2021-04-19Zeitschriftenartikel DOI: 10.3390/ma14082058
Characterization of Charge States in Conducting Organic Nanoparticles by X-ray Photoemission Spectroscopy
The metallic and semiconducting character of a large family of organic materials based on the electron donor molecule tetrathiafulvalene (TTF) is rooted in the partial oxidation (charge transfer or mixed valency) of TTF derivatives leading to partially filled molecular orbital-based electronic bands. The intrinsic structure of such complexes, with segregated donor and acceptor molecular chains or planes, leads to anisotropic electronic properties (quasi one-dimensional or two-dimensional) and morphology (needle-like or platelet-like crystals). Recently, such materials have been synthesized as nanoparticles by intentionally frustrating the intrinsic anisotropic growth.
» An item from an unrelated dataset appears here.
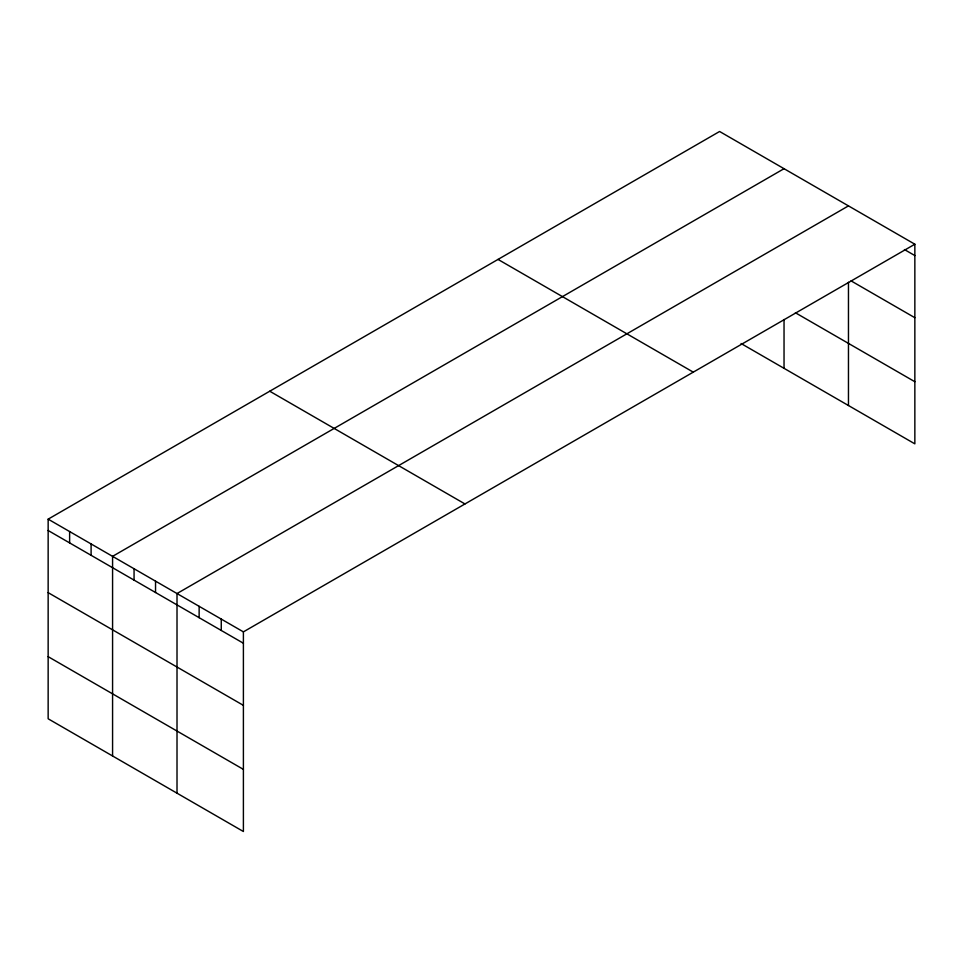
<?xml version="1.0" encoding="UTF-8"?>
<svg xmlns="http://www.w3.org/2000/svg" width="963" height="963" viewBox="0 0 963 963"><rect width="100%" height="100%" fill="white"/><g stroke="black" fill="none" stroke-linecap="round" stroke-linejoin="round"><path stroke-width="1.44" d="M914.85 244.217L243.398 631.872L243.398 831.514L48.15 718.783L48.15 519.153L719.602 131.486L914.85 244.217L914.85 443.847L741.089 343.526M784.038 168.694L112.575 556.349L112.575 755.991M848.463 205.889L177.011 593.545L177.011 793.187M904.438 249.561L914.85 255.568M851.075 280.883L914.85 317.706M795.402 312.758L914.85 381.721M498.027 259.42L693.264 372.139M269.736 391.219L464.973 503.95M48.15 519.153L243.398 631.872M48.15 530.505L243.398 643.236M48.15 592.642L243.398 705.361M48.15 656.658L243.398 769.377M848.463 282.279L848.463 405.519M784.038 319.511L784.038 368.323M221.261 619.101L221.261 630.452M199.136 606.329L199.136 617.68M155.537 581.146L155.537 592.51M134.062 568.748L134.062 580.111M91.1 543.951L91.1 555.302M69.625 531.552L69.625 542.903"/></g></svg>

X-ray photoemission spectroscopy (XPS) has emerged as a valuable technique to characterize the transfer of charge due to its ability to discriminate the different chemical environments or electronic configurations manifested by chemical shifts of core level lines in high-resolution spectra. Since the photoemission process is inherently fast (well below the femtosecond time scale), dynamic processes can be efficiently explored. We determine here the fingerprint of partial oxidation on the photoemission lines of nanoparticles of selected TTF-based conductors.